Na próxima sexta-feira assistiremos à tomada de posse de Donald Trump, a mais polémica de que há memória. Começo por esclarecer que não me impressionam as palavras de ordem da nomenclatura de Holywood, ou o mal estar da intelectualidade burguesa do eixo Nova Iorque/Boston. Por melhor que possa ser um presidente republicano, estas elites estarão sempre insatisfeitas e indignadas, serão sempre dramaticamente amplificadas pela imprensa liberal e estão frequentemente divorciadas do sentimento popular.
O que me preocupa em Trump não é o que dizem dele, é o que o próprio não pára de dizer. É a sensação de vermos um bólide de 500 cavalos nas mãos de um adolescente excitado, sem carta, numa rua congestionada e apinhada de peões.

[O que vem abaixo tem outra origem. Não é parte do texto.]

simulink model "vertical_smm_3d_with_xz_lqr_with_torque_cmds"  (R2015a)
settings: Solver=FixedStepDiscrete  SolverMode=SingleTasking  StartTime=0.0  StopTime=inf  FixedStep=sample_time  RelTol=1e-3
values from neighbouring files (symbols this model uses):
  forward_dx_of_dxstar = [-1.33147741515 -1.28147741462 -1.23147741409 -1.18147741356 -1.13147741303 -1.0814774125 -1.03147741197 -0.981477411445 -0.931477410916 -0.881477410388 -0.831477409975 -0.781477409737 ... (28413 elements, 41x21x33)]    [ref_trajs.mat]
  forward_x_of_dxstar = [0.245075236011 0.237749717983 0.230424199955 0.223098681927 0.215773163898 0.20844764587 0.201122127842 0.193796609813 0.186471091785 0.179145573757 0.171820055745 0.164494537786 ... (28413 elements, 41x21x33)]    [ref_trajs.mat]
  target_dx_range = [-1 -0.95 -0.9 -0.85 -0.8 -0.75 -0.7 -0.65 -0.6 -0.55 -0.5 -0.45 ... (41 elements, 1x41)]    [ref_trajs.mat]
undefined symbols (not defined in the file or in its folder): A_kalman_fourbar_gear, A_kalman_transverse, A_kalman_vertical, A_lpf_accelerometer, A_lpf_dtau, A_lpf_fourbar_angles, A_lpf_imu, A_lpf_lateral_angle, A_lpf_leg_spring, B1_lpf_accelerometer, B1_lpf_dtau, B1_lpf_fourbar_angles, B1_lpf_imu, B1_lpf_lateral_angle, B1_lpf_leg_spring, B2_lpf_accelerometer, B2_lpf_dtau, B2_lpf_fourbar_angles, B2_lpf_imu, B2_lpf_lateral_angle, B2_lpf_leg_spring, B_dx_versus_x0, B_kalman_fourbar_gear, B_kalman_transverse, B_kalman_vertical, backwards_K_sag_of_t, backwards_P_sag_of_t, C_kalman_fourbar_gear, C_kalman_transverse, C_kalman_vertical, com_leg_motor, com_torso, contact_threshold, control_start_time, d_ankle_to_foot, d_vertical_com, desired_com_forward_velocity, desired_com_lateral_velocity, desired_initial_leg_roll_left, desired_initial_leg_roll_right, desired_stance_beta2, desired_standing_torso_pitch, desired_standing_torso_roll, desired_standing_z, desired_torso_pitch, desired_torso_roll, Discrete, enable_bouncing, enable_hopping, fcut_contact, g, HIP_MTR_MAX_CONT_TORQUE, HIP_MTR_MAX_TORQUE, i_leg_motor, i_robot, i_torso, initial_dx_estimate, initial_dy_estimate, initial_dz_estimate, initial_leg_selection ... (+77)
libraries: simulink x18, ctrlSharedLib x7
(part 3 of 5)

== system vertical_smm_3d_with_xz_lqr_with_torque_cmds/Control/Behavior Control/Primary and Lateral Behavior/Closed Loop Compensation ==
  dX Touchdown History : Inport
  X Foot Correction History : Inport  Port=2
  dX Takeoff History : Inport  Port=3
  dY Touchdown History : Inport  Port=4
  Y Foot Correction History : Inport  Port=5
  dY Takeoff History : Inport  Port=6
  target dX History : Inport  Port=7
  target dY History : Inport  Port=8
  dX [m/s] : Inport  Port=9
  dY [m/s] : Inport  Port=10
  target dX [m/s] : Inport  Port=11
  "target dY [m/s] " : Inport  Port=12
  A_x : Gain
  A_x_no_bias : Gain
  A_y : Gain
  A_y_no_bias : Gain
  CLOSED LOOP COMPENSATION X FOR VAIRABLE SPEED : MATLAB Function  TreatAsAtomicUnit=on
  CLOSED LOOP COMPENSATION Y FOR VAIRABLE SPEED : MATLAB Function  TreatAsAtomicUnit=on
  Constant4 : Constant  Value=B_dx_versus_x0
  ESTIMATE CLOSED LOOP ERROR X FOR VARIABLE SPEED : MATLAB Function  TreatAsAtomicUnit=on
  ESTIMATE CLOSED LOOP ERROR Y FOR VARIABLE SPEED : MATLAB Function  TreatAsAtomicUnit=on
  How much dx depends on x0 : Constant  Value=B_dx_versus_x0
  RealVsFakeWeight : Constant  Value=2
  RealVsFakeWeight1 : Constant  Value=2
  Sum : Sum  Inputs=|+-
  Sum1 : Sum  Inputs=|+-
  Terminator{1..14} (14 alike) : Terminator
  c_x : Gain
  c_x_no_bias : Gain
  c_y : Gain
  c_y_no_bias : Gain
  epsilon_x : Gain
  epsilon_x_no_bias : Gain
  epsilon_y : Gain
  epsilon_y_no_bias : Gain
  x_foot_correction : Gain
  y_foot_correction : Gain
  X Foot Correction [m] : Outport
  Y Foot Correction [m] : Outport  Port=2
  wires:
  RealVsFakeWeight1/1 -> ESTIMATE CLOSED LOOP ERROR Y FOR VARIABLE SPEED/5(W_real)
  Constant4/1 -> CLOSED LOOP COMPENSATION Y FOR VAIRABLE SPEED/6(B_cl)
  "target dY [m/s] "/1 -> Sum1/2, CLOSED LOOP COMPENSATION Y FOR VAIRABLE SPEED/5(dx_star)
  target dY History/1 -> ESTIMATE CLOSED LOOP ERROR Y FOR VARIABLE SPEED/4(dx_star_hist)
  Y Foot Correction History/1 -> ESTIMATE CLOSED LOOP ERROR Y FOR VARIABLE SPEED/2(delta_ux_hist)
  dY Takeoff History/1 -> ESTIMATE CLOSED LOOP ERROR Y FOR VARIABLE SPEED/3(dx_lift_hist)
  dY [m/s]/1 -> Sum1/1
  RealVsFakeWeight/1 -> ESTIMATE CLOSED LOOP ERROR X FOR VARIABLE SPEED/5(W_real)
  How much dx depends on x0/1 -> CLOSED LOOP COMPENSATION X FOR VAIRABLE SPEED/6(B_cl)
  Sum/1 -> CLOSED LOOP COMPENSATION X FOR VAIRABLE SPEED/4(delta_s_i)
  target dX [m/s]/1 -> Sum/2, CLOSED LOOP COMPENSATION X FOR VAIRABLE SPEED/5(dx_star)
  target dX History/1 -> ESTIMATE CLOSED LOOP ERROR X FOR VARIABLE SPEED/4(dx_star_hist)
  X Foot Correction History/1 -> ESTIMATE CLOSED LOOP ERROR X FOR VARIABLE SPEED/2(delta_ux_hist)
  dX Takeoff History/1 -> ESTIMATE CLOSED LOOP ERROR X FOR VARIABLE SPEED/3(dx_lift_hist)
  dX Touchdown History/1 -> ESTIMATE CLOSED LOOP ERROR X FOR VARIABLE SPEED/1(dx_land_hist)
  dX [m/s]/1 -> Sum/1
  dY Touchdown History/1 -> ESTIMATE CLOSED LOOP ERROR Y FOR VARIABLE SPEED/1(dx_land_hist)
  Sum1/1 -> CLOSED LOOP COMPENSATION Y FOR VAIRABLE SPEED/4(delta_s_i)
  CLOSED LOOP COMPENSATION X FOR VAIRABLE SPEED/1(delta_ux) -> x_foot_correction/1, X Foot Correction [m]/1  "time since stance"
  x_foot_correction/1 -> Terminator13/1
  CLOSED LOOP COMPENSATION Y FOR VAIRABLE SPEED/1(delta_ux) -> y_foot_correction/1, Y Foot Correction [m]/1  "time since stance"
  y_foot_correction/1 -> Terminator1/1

Ouvimos de Trump os maiores dislates em campanha. Desde o muro da vergonha com o México ao desrespeito pelas mulheres, passando pelo mais imbecil chauvinismo. Creio que em todos nós havia a secreta esperança de se estar perante um populismo sem escrúpulos que a realidade do poder se encarregaria de dissipar.
Aparentemente, puro engano. Desde a sua eleição, Donald Trump conseguiu dia após dia agravar e alargar o espectro das suas alarvidades políticas. Para quem previa um mau cenário, Trump surpreendeu com uma péssima conduta política. Não se dirá que é um elefante numa loja de porcelanas, por respeito ao elefante, e por não haver notícia de um Twitter em versão paquiderme.
Os Estados Unidos nascem a partir da Europa e dos europeus; crescem, afirmam-se e lideram em parceria com a Europa, passando de protegidos a protectores, conduzindo o mundo após a Guerra-Fria, comandando a ordem mundial que agora termina. O peso dos Estados Unidos no quadro das nações foi no último século incontornável; tiveram o supremo poder de fazer a guerra e de impor a paz, o que realmente conta nas relações entre os Estados fortes.
Confundindo ligeireza com inovação, Trump e os seus tweets tiveram o dom de pôr o mundo em estado de sítio. Em pouquíssimo tempo, Trump conseguiu piorar significativamente o já débil estado das relações entre Israel e a Palestina, com o anúncio tão estúpido quanto ofensivo para todos da abertura da embaixada americana em Jerusalém. Trump tratou de arrasar o Obamacare, ainda antes de Obama sair. Trump ameaça a China sem tratar de ponderar as consequências. Trump hostiliza o México ostensivamente, com quem tem a mais crítica fronteira terrestre.
Mais. Trump acolhe Farage, que os britânicos rejeitam, com honras desproporcionadas. Trump leva para o seu inner circle gente com suspeitas sérias de ligação ao Ku Klux Klan. Trump escolhe para governar gente com relações opacas com poderes transnacionais. Por fim, mais importante até agora, Trump insulta a ONU, anuncia a obsolescência da NATO e proclama o fim da União Europeia. E ainda não tomou posse.
Esta insolência perante a ONU, a ameaça à NATO e o ataque à União Europeia só podem encontrar conforto e simpatia entre as gentes do PCP e do Bloco. É um tempo realmente novo, a exigir uma revisão profunda de posições perante esta nova administração americana que se situa entre o PNR e a Frente Nacional no plano interno e o PCP e o Bloco no plano externo.
Um humilde conservador como eu, estudioso aplicado da Ciência Política e das Relações Internacionais, não consegue encontrar encaixe para tal esquizofrenia nos paradigmas até agora aceites para a diplomacia e o normal relacionamento entre os Estados. Virá aí uma coisa nova, que desconhecemos. Pode até, por milagre, nem acabar mal, mas, à cautela, apertem bem os cintos.
O autor escreve segundo a antiga ortografia.